Mach ich auch nur so und danach ein bisschen Öl auf die Kette. Hab das Bike schon 2 1/2 Jahre. Bis jetzt war noch nichts dran gewesen.


----------



## Maggo (7. August 2006)

zum glück isser defekt, dann leidet dein bike nicht so, aber wenn du trotzdem noch einen suchst fallen mir spontan einige tankstellen ein, die sowas besitzen:

shell in okriftel wenn mich nicht alles täuscht
dea und esso in sindlingen
aral in weilbach
dea in zeilsheim
aral hofheim

da sollte sich doch was finden lassen, ansonsten halt lieber nen schwamm und ein paar liter wasser aus dem eimer.


----------



## wissefux (7. August 2006)

hast du schon mal einen drucksprüher http://www.gardena.com/servlet/Prod...ctId=13621&langId=-3&parent_category_rn=12889 getestet ?

hat nicht so viel power wie ein hochdruckreiniger, geht aber trotzdem ganz gut. schont die lager und ist sogar mobil ! ideal, um bei auswärtigen touren oder rennen das bike grob zu säubern, bevor es ins auto kommt ...

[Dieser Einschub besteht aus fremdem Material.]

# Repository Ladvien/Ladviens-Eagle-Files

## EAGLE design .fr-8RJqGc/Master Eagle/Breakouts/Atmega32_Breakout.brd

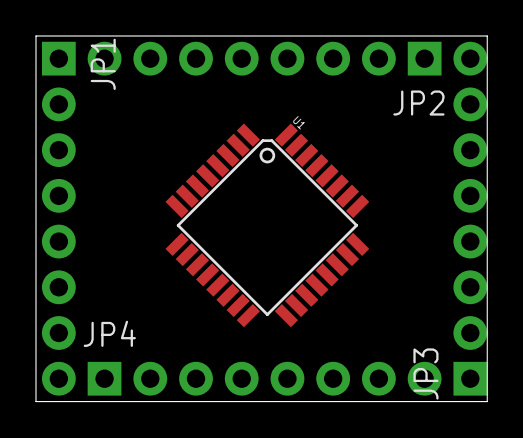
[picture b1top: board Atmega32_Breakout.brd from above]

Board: 2 copper layers, 25.1 x 20.3 mm, 5 parts (0 on the bottom side), 29 nets, no tracks yet.

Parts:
JP1, JP2, JP3, JP4: 1X08_PIN1_NO_SILK
U1: ATMEGA328P; TQFP32-08

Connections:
ADC6: JP3.8, U1.19
ADC7: JP2.1, U1.22
AGND: JP4.1, U1.21
AREF: JP4.4, U1.20
AVCC: JP4.7, U1.18
GND: JP1.8, U1.3, U1.5
PB0: JP1.2, U1.12
PB1: JP1.3, U1.13
PB2: JP1.4, U1.14
PB3: JP1.5, U1.15
PB4: JP1.6, U1.16
PB5: JP1.7, U1.17
PB6: JP4.3, U1.7
PB7: JP4.2, U1.8
PC0: JP3.2, U1.23
PC1: JP3.3, U1.24
PC2: JP3.4, U1.25
PC3: JP3.5, U1.26
PC4: JP3.6, U1.27
PC5: JP3.7, U1.28
PD0: JP2.2, U1.30
PD2: JP2.4, U1.32
PD3: JP2.5, U1.1
PD4: JP2.6, U1.2
PD5: JP2.7, U1.9
PD6: JP2.8, U1.10
PD7: JP1.1, U1.11
RES: JP4.8, U1.29
VCC: JP4.5, JP4.6, U1.4, U1.6

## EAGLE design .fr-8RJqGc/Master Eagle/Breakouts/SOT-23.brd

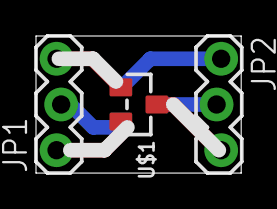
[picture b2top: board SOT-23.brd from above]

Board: 2 copper layers, 11.4 x 7.6 mm, 4 parts (1 on the bottom side), 6 nets.

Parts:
JP1, JP2: 1X03_LOCK
U$1, U$2: DMP1045U; SOT-23

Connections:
D: JP2.3, U$1.3
D2: JP2.2, U$2.3
G: JP1.3, U$1.1
G2: JP1.2, U$2.1
S: JP1.1, U$1.2
S2: JP2.1, U$2.2

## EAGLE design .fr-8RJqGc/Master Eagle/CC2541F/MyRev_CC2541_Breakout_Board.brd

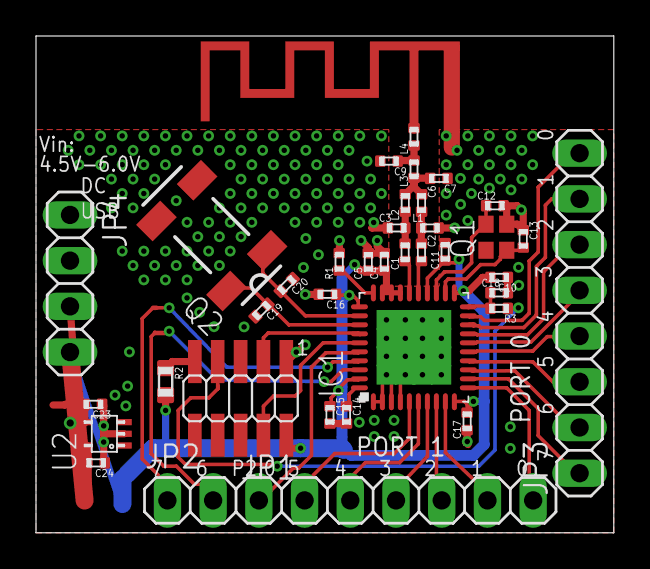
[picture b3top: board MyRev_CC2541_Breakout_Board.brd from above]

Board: 2 copper layers, 32.1 x 27.6 mm, 37 parts (0 on the bottom side), 38 nets.

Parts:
A1: TI_2.4GHZ_MIFALEFT; TI_2.4GHZ_MIFA_LEFT
C1, C2: 18p; C0402
C3, C6, C9: 1p; C0402
C4: 220p; C0402
C5, C10, C11, C16, C18, C23: 100n; C0402
C7: DNM; C0402
C12, C13: 12p; C0402
C14, C15: 1u; C0402
C17: C0402
C19, C20: 15p; C0402
C24: 470n; C0402
IC1: CC2540; QFN40-6X6
JP1: 2X05_1.27_SMD
JP2: 1X09
JP3: 1X08
JP4: 1X04
L1, L2: 2n; C0402
L3: 1n; C0402
L4: 3n; C0402
Q1: FA-128
Q2: MC-306
R1: 56k; C0402
R2: R0603; C0603
R3: 2.7k; C0402
U2: TPS71530; SC70

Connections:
GND: A1.GND, C3.1, C4.2, C5.2, C7.1, C9.2, C10.1, C11.2, C12.2, C13.1, C14.2, C15.2, C16.2, C17.1, C18.2, C19.2, C20.1, C23.1, C24.1, IC1.1, IC1.2, IC1.3, IC1.4, IC1.EXP@1, IC1.EXP@2, IC1.EXP@3, IC1.EXP@4, IC1.EXP@5, IC1.EXP@6, IC1.EXP@7, IC1.EXP@8, IC1.EXP@9, IC1.EXP@10, IC1.EXP@11, IC1.EXP@12, IC1.EXP@13, IC1.EXP@14, IC1.EXP@15, IC1.EXP@16, JP1.1, JP4.1, JP4.2, L1.2, Q1.2, Q1.4, R1.2, U2.2
unnamed: C1.1, IC1.26
unnamed: C2.2, IC1.25
unnamed: C1.2, C3.2, L2.1
unnamed: C2.1, C6.2, L1.1
unnamed: C6.1, C7.2, L2.2, L3.1
unnamed: C9.1, L3.2, L4.1
unnamed: IC1.30, R1.1
unnamed: C13.2, IC1.22, Q1.1
unnamed: C12.1, IC1.23, Q1.3
unnamed: C14.1, IC1.40
unnamed: JP1.7, R3.1
unnamed: JP1.9, R2.1
unnamed: IC1.34, JP1.3
unnamed: IC1.35, JP1.4
unnamed: C18.1, IC1.20, R3.2
unnamed: C20.2, IC1.32, Q2.1
unnamed: C19.1, IC1.33, Q2.4
unnamed: IC1.19, JP3.8
unnamed: IC1.18, JP3.7
unnamed: IC1.17, JP3.6
unnamed: IC1.16, JP3.5
unnamed: IC1.15, JP3.4
unnamed: IC1.14, JP3.3
unnamed: IC1.13, JP3.2
unnamed: IC1.12, JP3.1
unnamed: IC1.11, JP2.9
unnamed: IC1.9, JP2.8
unnamed: IC1.7, JP2.6
unnamed: IC1.8, JP2.7
unnamed: IC1.6, JP2.5
unnamed: IC1.38, JP2.2
unnamed: IC1.37, JP2.1
unnamed: C23.2, U2.4
unnamed: IC1.36, JP2.3
unnamed: IC1.5, JP2.4
unnamed: A1.FEED, L4.2
VDD: C4.1, C5.1, C10.2, C11.1, C15.1, C16.1, C17.2, C24.2, IC1.10, IC1.21, IC1.24, IC1.27, IC1.28, IC1.29, IC1.31, IC1.39, JP1.2, JP4.3, JP4.4, R2.2, U2.5

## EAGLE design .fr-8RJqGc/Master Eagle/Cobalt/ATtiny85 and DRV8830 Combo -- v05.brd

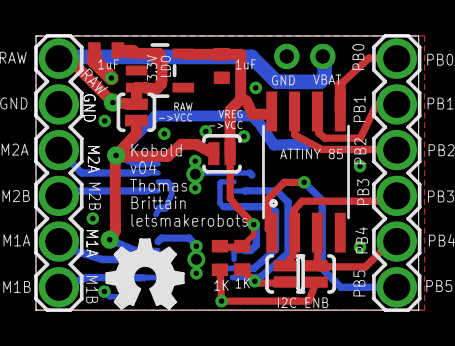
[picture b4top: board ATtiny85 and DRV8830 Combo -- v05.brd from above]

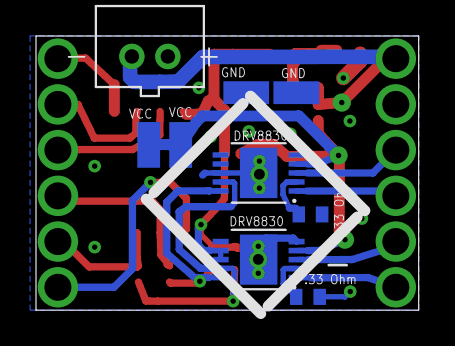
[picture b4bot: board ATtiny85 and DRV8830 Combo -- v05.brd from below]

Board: 2 copper layers, 21.3 x 15.2 mm, 22 parts (9 on the bottom side), 18 nets.

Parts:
1K: R3; R0402
C1, C2: 1uf; C0402
CN1: JST-PH-2-THM
PAD1, PAD2, PAD3, PAD4: SMD1,27-2,54
R1, R3: .33; R0402
R2: 1k; R0402
RAW: SOLDERJUMPERNO; SJ_2S-NO
SJ6, SJ7: SOLDERJUMPERNO; SJ_2S-NO
U1: V_REG_LDOSMD; SOT23-5
U2, U3: DRV8830; MSOP-10-GNDPAD
U$1, U$4: 1X6_SHORT_ROUND
U$2: ATTINY85; SO08-EIAJ
U$3: OSHW_FILLX150_NOTEXT
VREG: SOLDERJUMPERNO; SJ_2S-NO

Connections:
BAT_RAW: C1.1, CN1.2, RAW.1, U1.1, U1.3, U$4.1
GND: C1.2, C2.2, CN1.1, PAD1.1, PAD3.1, R1.1, R3.1, U1.2, U2.5, U2.GND, U3.5, U3.7, U3.8, U3.GND, U$2.4, U$4.2
M1_A: U2.3, U$4.5
M1_B: U2.1, U$4.6
M2_A: U3.3, U$4.3
M2_B: U3.1, U$4.4
unnamed: R1.2, U3.2
unnamed: R3.2, U2.2
PB0: U$1.1, U$2.5
PB1: U$1.2, U$2.6
PB2: U$1.3, U$2.7
PB3: SJ7.2, U$1.4, U$2.2
PB4: SJ6.2, U$1.5, U$2.3
PB5: U$1.6, U$2.1
SCL: R2.2, SJ7.1, U2.10, U3.10
SDA: 1K.2, SJ6.1, U2.9, U3.9
VCC: PAD2.1, PAD4.1, RAW.2, U2.4, U3.4, VREG.2
VREG: 1K.1, C2.1, R2.1, U1.5, U2.7, U2.8, U$2.8, VREG.1

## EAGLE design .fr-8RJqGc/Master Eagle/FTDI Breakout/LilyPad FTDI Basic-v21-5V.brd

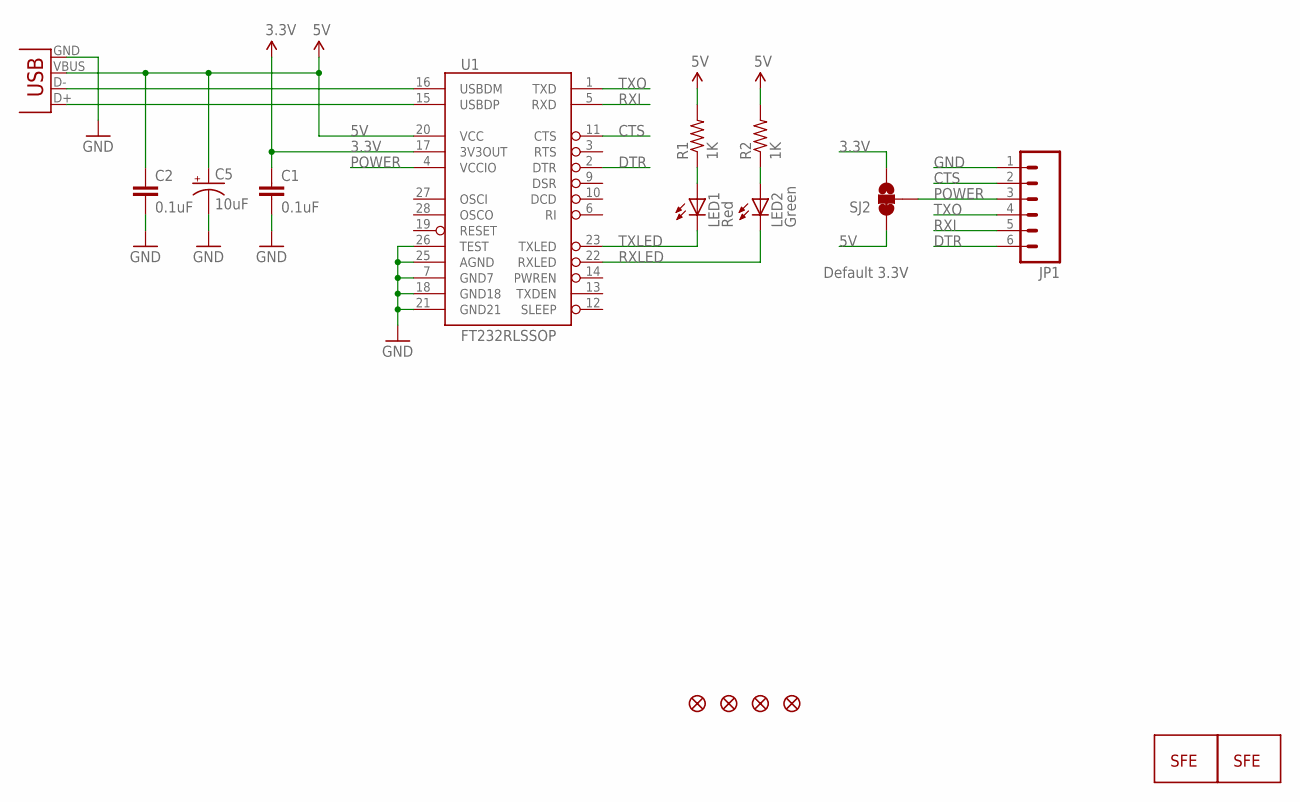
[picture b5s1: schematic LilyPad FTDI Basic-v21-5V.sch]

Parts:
C1, C2: 0.1uF; 0805
C5: 10uF; EIA3216
JP1: M06SMD-FEMALE-V2; 1X06-SMD-FEMALE-V2
JP2: LOGO-SFESK; SFE-LOGO-FLAME
JP7, JP8, JP9, JP10: FIDUCIAL1X2; FIDUCIAL-1X2
LED1: Red; LED-0603
LED2: Green; LED-0603
R1, R2: 1K; 0805
SJ2: SOLDERJUMPER_2WAYS; SJ_3
U1: FT232RLSSOP; SSOP28DB
U$2: LOGO-SFENW2; SFE-NEW-WEB
X2: USB-SMD-NS; USB-MINIB-NOSTOP

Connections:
3.3V: C1.1, SJ2.3, U1.17 (3V3OUT)
5V: C2.1, C5.A (+), R1.2, R2.2, SJ2.1, U1.20 (VCC), X2.VBUS
CTS: JP1.2, U1.11 (CTS)
DTR: JP1.6, U1.2 (DTR)
GND: C1.2, C2.2, C5.C (-), JP1.1, U1.7 (GND7), U1.18 (GND18), U1.21 (GND21), U1.25 (AGND), U1.26 (TEST), X2.GND
unnamed: LED1.A, R1.1
unnamed: LED2.A, R2.1
POWER: JP1.3, SJ2.2, U1.4 (VCCIO)
RXI: JP1.5, U1.5 (RXD)
RXLED: LED2.C, U1.22 (RXLED)
TXLED: LED1.C, U1.23 (TXLED)
TXO: JP1.4, U1.1 (TXD)
USB_D+: U1.15 (USBDP), X2.D+
USB_D-: U1.16 (USBDM), X2.D-

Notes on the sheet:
Default 3.3V

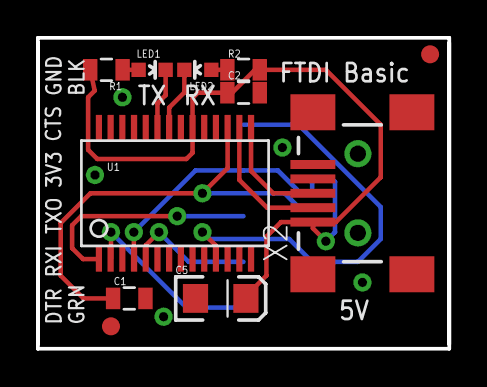
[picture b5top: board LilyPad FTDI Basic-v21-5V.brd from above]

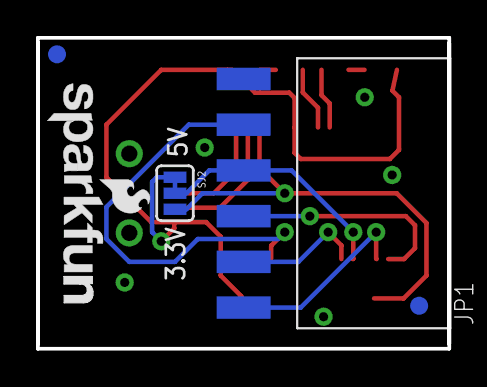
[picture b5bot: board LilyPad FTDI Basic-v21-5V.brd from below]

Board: 2 copper layers, 22.9 x 17.3 mm, 17 parts (6 on the bottom side), 14 nets.

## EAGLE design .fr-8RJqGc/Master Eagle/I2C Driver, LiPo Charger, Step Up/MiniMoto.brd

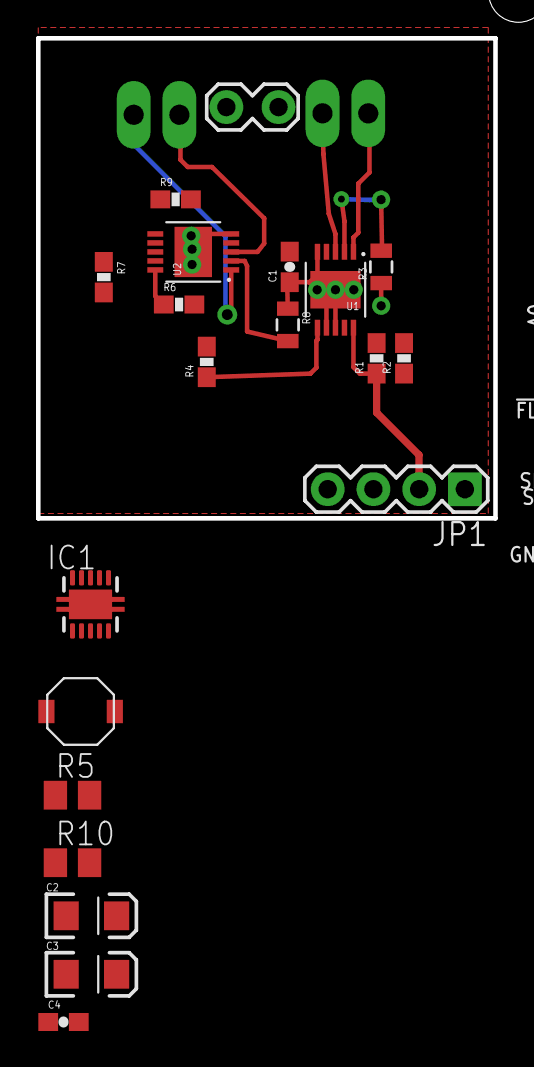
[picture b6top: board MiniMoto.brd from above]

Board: 2 copper layers, 25.4 x 26.7 mm, 26 parts (1 on the bottom side), 16 nets.

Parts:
2.2UH: VLF4012A
C1, C4: 0.1uF; 0603-CAP
C2, C3: EIA3216
IC1: TPS61200; S-PDSO-N10
J1, J5: M02PTH3; 1X02_LONGPADS
JP1: 1X04
JP3: 1X02_LOCK
LOGO2: OSHW-LOGOS; OSHW-LOGO-S
R1, R2, R6, R7: 1K; 0603-RES
R3, R8: 0.22; 0805
R4, R9: 10K; 0603-RES
R5, R10: M0805
STANDOFF1, STANDOFF2, STANDOFF3: STAND-OFF
U1, U2: DRV8830; MSOP-10-GNDPAD

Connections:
!FAULT: JP1.4, R4.1, R9.1, U1.6, U2.6
BAT+: 2.2UH.P$1, C2.A, IC1.5, IC1.6, IC1.7, IC1.8
GND: C1.1, C2.C, C3.C, C4.1, IC1.4, IC1.9, JP1.1, JP3.1, R3.1, R5.1, R8.1, U1.5, U1.7, U1.8, U1.GND, U2.5, U2.GND
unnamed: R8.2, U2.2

gibts ab 10 euro im baumarkt. gardena ist natürlich teurer


----------



## Sauron1977 (7. August 2006)

Maggo schrieb:
			
		

> zum glück isser defekt, dann leidet dein bike nicht so, aber wenn du trotzdem noch einen suchst fallen mir spontan einige tankstellen ein, die sowas besitzen:
> 
> shell in okriftel wenn mich nicht alles täuscht
> dea und esso in sindlingen
> ...





*grins* der hinweis auf das leid des rades beim hochdruckreinigen, das alte lied! 

shell in okriftel war eigentlich immer meine anlaufstelle, das ist der der defekt ist. in sindlingen muss man glaube ich auch eine waschkarte für die ganze anlage kaufen um die knarre nutzen zu können (dachte ich zumindest immer?), die dea in zeilsheim werde ich mal anfahren und in hofheim meinst du bestimmt die aral an der polizei? haben die auch so ein ding?

vielen dank für eure hilfen 

@wissefux: hab leider kein garten, deswegen hab ich mir noch nicht selbst so ein ding zugelegt. is bisserl doof aufem balkon. :-(


----------



## Maggo (7. August 2006)

ich hab son teil welches vom fux empfohlen wurde. das kann man auch auf der strasse benutzen, ansonsten kann man aber glaube ich auch immer mit dem jeweiligen tankstellenmenschen sprechen, ob er dir nicht den kauf einer waschkarte erspart, da du ja nur ein bike putzen willst.


----------



## Ars Volandi (7. August 2006)

es gibt beim Lidl, nächste Woche glaube ich, so ein Sprühgerät für Pestizide oder ähnliche "Gartenflüssigkeiten". Hat 5 Liter Inhalt, ausreichend Sprüdruck und kann auf jedem Bürgersteig betrieben werden (natürlich nur mit Wasser!). Kostenpunkt: ca. 7 Euro...


----------



## Hellspawn (7. August 2006)

in Frnkfurt hinterm Rebstock is ne Waschboxanlage (Waschbär) und in Oberursel hinten im Gewerbegebiet richtung Bad Homburg ist auch eine. Aber sowas tu ich nur meinem Auto an


----------



## SaTiZ (7. August 2006)

Sauron1977 schrieb:
			
		

> in hofheim meinst du bestimmt die aral an der polizei? haben die auch so ein ding?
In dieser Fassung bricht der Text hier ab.